The first thing to notice is the __global__ keyword. This simply indicates that this function may be called from either the host PC or the CUDA device. The next thing you should notice is how each thread figures out exactly which data element is it responsible for computing. Each thread runs the same code, so the only way for them to differentiate themselves from the other threads is to use their threadIdx, and their blockIdx.

### Performance Results

The program written for this tutorial is able to measure the amount of time the GPU takes to accomplish this task, and compares it to the amount of time a CPU uses to accomplish the same task. Please note that you may download the source code at the end of this tutorial and try it on your own system. As you can see in the above code, several different calculations were tried.

• C = A * B
• C = A * B / 12.34567
• C = sqrt(A * B / 12.34567)
• C = sqrt(A * B / 12.34567) * sin(A)

System setup includes a 2.66 Ghz, Core 2 Duo, with 1333Mhz FSB and 4 gigs of DDR2 ram. The graphics card is a GTX 280, which has been underclocked to run with a core clock of 540 Mhz, and a memory clock of 940 Mhz. As you can see in the graph, the amount of time the CPU and GPU took to compute A*B was roughly the same.
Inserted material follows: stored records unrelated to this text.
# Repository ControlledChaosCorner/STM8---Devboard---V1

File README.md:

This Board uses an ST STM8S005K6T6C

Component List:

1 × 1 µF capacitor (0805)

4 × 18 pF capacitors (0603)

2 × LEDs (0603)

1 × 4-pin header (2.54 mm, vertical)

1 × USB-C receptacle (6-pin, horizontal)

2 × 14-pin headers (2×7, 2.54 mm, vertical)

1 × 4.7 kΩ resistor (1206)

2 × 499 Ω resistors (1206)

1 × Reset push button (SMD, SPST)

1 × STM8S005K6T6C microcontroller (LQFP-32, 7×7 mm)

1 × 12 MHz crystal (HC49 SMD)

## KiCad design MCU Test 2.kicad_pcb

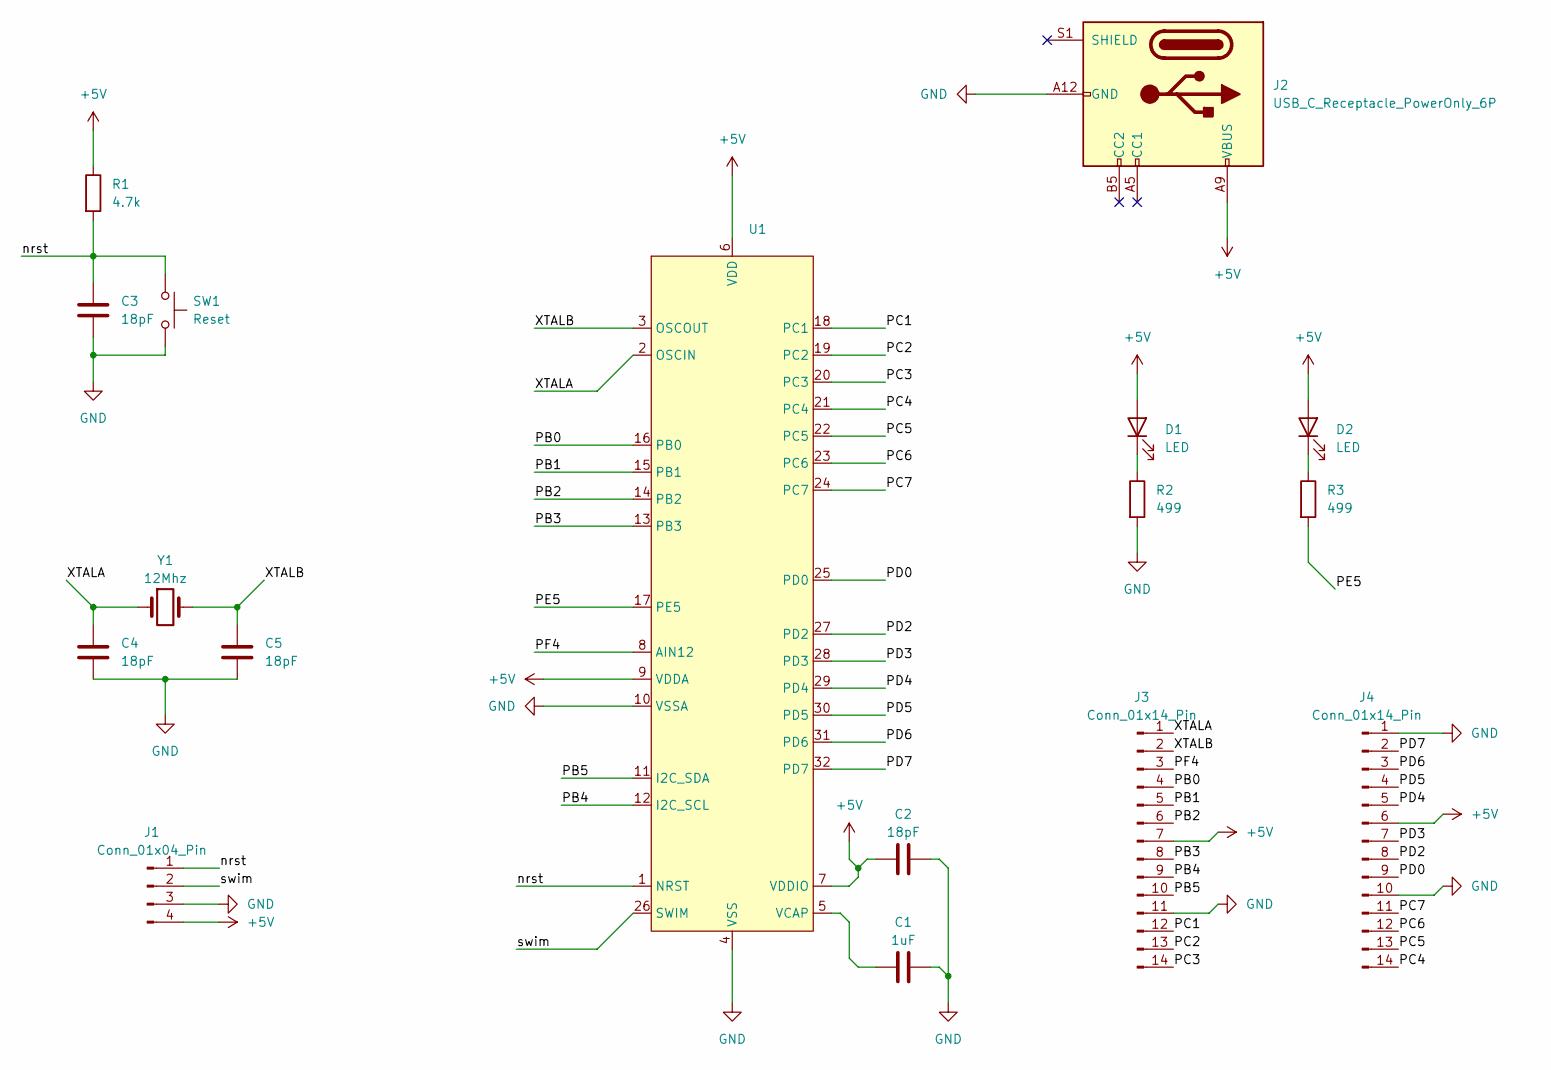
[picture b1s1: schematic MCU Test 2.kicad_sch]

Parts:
C1: 1uF; C_0805_2012Metric
C2, C3, C4, C5: 18pF; C_0603_1608Metric
D1, D2: LED; LED_0603_1608Metric
J1: Conn_01x04_Pin; PinHeader_1x04_P2.54mm_Vertical
J2: USB_C_Receptacle_PowerOnly_6P; USB_C_Receptacle_GCT_USB4125-xx-x_6P_TopMnt_Horizontal
J3, J4: Conn_01x14_Pin; PinHeader_2x07_P2.54mm_Vertical
R1: 4.7k; R_1206_3216Metric
R2, R3: 499; R_1206_3216Metric
SW1: Reset; SW_SPST_CK_RS282G05A3
U1: LQFP-32_7x7mm_P0.8mm
Y1: 12Mhz; Crystal_SMD_HC49-SD_HandSoldering

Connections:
+5V: C2.1, D1.2 (A), D2.2 (A), J1.4, J2.A9 (VBUS), J2.B9 (VBUS), J3.7, J4.6, R1.1, U1.6 (VDD), U1.7 (VDDIO), U1.9 (VDDA)
/PB0: J3.4, U1.16 (PB0)
/PB1: J3.5, U1.15 (PB1)
/PB2: J3.6, U1.14 (PB2)
/PB3: J3.8, U1.13 (PB3)
/PB4: J3.9, U1.12 (I2C_SCL)
/PB5: J3.10, U1.11 (I2C_SDA)
/PC1: J3.12, U1.18 (PC1)
/PC2: J3.13, U1.19 (PC2)
/PC3: J3.14, U1.20 (PC3)
/PC4: J4.14, U1.21 (PC4)
/PC5: J4.13, U1.22 (PC5)
/PC6: J4.12, U1.23 (PC6)
/PC7: J4.11, U1.24 (PC7)
/PD0: J4.9, U1.25 (PD0)
/PD2: J4.8, U1.27 (PD2)
/PD3: J4.7, U1.28 (PD3)
/PD4: J4.5, U1.29 (PD4)
/PD5: J4.4, U1.30 (PD5)
/PD6: J4.3, U1.31 (PD6)
/PD7: J4.2, U1.32 (PD7)
/PE5: R3.2, U1.17 (PE5)
/PF4: J3.3, U1.8 (AIN12)
/XTALA: C4.1, J3.1, U1.2 (OSCIN), Y1.1
/XTALB: C5.1, J3.2, U1.3 (OSCOUT), Y1.2
/nrst: C3.1, J1.1, R1.2, SW1.1, U1.1 (NRST)
/swim: J1.2, U1.26 (SWIM)
GND: C1.2, C2.2, C3.2, C4.2, C5.2, J1.3, J2.A12 (GND), J2.B12 (GND), J3.11, J4.1, J4.10, R2.2, SW1.2, U1.4 (VSS), U1.10 (VSSA)
unnamed: D1.1 (K), R2.1
unnamed: D2.1 (K), R3.1
unnamed: C1.1, U1.5 (VCAP)

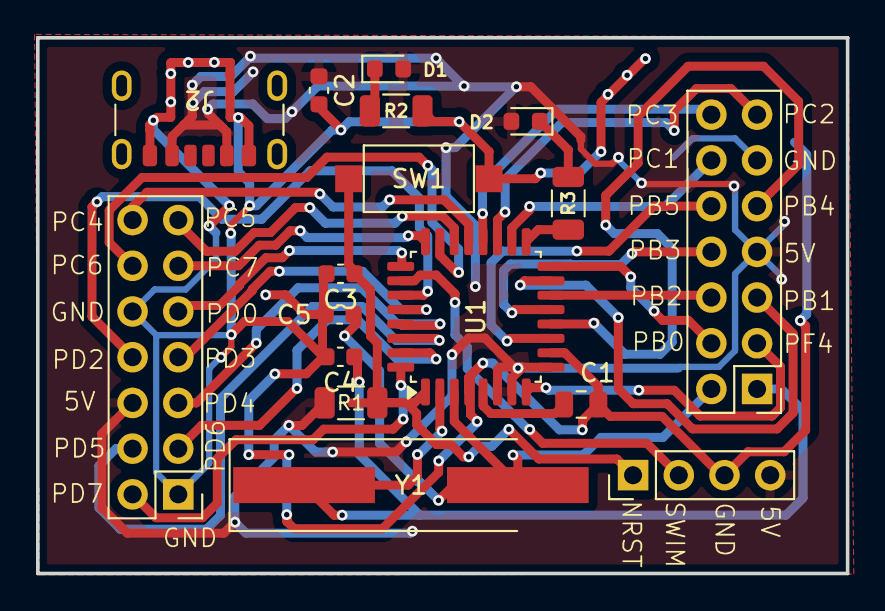
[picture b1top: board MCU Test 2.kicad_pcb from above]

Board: 2 copper layers, 45.0 x 29.8 mm, 17 parts (0 on the bottom side), 31 nets.

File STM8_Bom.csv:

"Reference","Value","Datasheet","Footprint","Qty","DNP"
"C1","1uF","~","Capacitor_SMD:C_0805_2012Metric","1",""
"C2,C3,C4,C5","18pF","~","Capacitor_SMD:C_0603_1608Metric","4",""
"D1,D2","LED","~","LED_SMD:LED_0603_1608Metric","2",""
"J1","Conn_01x04_Pin","~","Connector_PinHeader_2.54mm:PinHeader_1x04_P2.54mm_Vertical","1",""
"J2","USB_C_Receptacle_PowerOnly_6P","https://www.usb.org/sites/default/files/documents/usb_type-c.zip","Connector_USB:USB_C_Receptacle_GCT_USB4125-xx-x_6P_TopMnt_Horizontal","1",""
"J3,J4","Conn_01x14_Pin","~","Connector_PinHeader_2.54mm:PinHeader_2x07_P2.54mm_Vertical","2",""
"R1","4.7k","~","Resistor_SMD:R_1206_3216Metric","1",""
"R2,R3","499","~","Resistor_SMD:R_1206_3216Metric","2",""
"SW1","Reset","~","Button_Switch_SMD:SW_SPST_CK_RS282G05A3","1",""
"U1","~","","Package_QFP:LQFP-32_7x7mm_P0.8mm","1",""
"Y1","12Mhz","~","Crystal:Crystal_SMD_HC49-SD_HandSoldering","1",""

This is because the calculation is simple enough so that the system memory is the main bottleneck for this calculation. However, as soon as we introduce a floating point division, we can clearly see that the CPU takes a significantly longer time to compute the result. However, there is no noticeable difference in the GPU execution time. This is likely because the calculations are still simple enough so that the GPU is limited mainly by memory bandwidth. Fortunately for us, the memory bandwidth of graphics cards is usually about 10 times faster than the bandwidth for system memory on most desktops, therefore, the calculations are done faster on the GPU. Also keep in mind that these results include the amount of time it takes to copy the data to the graphics card, call and execute the kernel, and copy the results from the graphics card back to system memory. For the next calculation, a square root is introduced. Notice how the CPU now takes a significantly longer amount of time to compute. The GPU is still unaffected by the new compuations. Finally, a sin() calculation and multiplication are added into the equation. The CPU takes even longer to complete, however, the GPU execution time is largely unchanged. These results are simply amazing. You can also see in the graph that with as little as 1,000,000 elements to perform computations on, it may make sense to use CUDA. Datasets of this size are very common in many applications today, which means that CUDA may be a viable option for your program.